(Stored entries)
————

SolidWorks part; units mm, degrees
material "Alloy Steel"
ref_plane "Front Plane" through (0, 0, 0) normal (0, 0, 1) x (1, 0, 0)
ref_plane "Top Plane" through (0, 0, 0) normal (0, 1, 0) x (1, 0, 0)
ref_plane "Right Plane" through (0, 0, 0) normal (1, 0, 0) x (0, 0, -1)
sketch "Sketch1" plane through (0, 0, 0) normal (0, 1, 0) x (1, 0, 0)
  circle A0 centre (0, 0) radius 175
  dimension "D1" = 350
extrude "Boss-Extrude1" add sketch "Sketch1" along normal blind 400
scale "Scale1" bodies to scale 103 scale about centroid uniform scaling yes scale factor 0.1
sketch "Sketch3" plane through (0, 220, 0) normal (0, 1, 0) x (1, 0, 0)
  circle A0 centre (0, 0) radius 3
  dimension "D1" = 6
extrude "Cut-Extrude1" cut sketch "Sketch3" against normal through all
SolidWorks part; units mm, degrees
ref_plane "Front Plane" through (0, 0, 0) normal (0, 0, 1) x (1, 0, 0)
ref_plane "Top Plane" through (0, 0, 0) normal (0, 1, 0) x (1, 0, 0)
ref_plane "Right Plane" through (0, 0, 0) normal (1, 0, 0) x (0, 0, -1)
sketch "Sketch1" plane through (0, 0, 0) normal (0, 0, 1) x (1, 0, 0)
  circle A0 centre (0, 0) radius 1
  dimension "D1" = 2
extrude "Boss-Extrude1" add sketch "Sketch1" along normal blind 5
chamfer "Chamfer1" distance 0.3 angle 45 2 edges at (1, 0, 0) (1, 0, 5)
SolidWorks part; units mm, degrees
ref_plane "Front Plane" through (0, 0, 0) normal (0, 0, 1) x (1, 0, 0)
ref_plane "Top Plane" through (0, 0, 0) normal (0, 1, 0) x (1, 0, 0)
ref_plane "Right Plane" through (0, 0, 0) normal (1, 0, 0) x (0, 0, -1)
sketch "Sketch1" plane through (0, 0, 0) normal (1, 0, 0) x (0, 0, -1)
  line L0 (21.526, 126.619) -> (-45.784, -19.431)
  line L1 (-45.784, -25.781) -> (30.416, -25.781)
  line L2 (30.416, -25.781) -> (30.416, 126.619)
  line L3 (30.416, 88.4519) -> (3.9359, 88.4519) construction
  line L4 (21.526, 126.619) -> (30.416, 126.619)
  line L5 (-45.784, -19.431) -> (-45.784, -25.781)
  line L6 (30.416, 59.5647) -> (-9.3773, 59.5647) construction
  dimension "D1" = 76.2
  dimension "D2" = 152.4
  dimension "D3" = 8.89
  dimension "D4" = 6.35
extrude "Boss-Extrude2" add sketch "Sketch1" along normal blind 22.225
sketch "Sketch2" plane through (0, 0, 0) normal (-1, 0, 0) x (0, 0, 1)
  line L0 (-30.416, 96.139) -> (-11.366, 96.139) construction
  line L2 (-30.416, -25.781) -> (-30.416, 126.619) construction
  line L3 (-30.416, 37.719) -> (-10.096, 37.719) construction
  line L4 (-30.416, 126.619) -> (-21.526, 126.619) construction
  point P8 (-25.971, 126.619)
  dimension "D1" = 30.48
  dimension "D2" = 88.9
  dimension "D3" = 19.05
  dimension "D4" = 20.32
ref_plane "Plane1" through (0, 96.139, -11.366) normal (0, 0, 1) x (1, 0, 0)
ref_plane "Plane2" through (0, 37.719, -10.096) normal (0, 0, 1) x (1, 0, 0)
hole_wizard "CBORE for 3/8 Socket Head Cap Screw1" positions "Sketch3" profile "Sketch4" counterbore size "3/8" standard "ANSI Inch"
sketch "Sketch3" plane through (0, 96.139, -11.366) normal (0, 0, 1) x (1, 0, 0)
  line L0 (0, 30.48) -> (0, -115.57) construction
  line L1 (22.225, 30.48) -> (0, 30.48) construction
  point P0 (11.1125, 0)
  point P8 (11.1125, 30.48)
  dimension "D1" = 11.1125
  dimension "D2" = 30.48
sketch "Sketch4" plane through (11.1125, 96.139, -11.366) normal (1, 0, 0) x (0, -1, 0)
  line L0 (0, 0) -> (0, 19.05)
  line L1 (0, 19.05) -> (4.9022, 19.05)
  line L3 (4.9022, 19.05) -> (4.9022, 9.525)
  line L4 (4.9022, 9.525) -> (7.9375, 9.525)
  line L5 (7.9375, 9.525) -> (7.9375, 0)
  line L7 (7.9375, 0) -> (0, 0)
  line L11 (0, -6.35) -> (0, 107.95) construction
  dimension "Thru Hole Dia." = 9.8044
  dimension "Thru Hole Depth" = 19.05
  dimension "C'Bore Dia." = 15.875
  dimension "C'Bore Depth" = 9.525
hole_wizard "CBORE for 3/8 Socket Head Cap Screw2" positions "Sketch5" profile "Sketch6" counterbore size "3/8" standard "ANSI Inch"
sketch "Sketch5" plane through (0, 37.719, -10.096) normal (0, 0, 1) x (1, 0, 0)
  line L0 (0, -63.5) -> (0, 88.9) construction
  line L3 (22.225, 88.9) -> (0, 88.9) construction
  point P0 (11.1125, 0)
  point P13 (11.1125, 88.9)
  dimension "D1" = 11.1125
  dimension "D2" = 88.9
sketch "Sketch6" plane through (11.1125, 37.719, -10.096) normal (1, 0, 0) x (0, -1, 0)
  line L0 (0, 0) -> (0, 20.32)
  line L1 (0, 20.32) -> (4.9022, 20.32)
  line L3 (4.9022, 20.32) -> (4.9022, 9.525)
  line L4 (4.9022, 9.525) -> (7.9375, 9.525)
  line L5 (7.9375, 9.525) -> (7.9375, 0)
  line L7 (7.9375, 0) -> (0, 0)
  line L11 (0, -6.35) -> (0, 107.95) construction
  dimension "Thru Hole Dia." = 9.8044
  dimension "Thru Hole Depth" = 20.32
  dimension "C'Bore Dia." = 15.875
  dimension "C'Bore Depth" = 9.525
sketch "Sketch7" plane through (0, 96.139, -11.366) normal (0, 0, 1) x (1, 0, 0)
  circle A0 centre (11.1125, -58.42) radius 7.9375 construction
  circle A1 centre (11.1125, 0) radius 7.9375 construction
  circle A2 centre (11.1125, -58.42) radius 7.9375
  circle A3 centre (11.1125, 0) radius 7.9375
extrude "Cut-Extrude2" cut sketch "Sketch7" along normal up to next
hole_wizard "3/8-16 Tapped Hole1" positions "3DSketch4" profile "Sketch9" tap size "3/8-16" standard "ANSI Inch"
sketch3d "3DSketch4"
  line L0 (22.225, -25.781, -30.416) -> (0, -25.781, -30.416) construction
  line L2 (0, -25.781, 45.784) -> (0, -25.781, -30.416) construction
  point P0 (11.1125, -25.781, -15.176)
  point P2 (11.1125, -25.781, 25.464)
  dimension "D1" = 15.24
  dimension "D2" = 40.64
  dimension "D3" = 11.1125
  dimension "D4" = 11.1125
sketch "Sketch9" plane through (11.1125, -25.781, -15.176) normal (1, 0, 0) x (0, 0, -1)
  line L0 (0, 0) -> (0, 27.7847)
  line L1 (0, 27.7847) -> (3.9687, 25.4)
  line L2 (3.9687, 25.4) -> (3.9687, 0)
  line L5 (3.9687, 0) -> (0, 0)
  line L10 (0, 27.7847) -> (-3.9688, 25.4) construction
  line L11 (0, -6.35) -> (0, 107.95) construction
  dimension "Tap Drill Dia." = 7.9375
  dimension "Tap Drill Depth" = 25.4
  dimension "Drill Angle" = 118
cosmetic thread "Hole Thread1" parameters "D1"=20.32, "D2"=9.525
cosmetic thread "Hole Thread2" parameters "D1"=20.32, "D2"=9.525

————

> _Problem requirements_:
Retype, exactly and in full, the lines above from the one containing "line L3 (4.9022, 20.32) -> (4.9022, 9.525)" through the one containing "circle A1 centre".

> _Answer area_:
  line L3 (4.9022, 20.32) -> (4.9022, 9.525)
  line L4 (4.9022, 9.525) -> (7.9375, 9.525)
  line L5 (7.9375, 9.525) -> (7.9375, 0)
  line L7 (7.9375, 0) -> (0, 0)
  line L11 (0, -6.35) -> (0, 107.95) construction
  dimension "Thru Hole Dia." = 9.8044
  dimension "Thru Hole Depth" = 20.32
  dimension "C'Bore Dia." = 15.875
  dimension "C'Bore Depth" = 9.525
sketch "Sketch7" plane through (0, 96.139, -11.366) normal (0, 0, 1) x (1, 0, 0)
  circle A0 centre (11.1125, -58.42) radius 7.9375 construction
  circle A1 centre (11.1125, 0) radius 7.9375 construction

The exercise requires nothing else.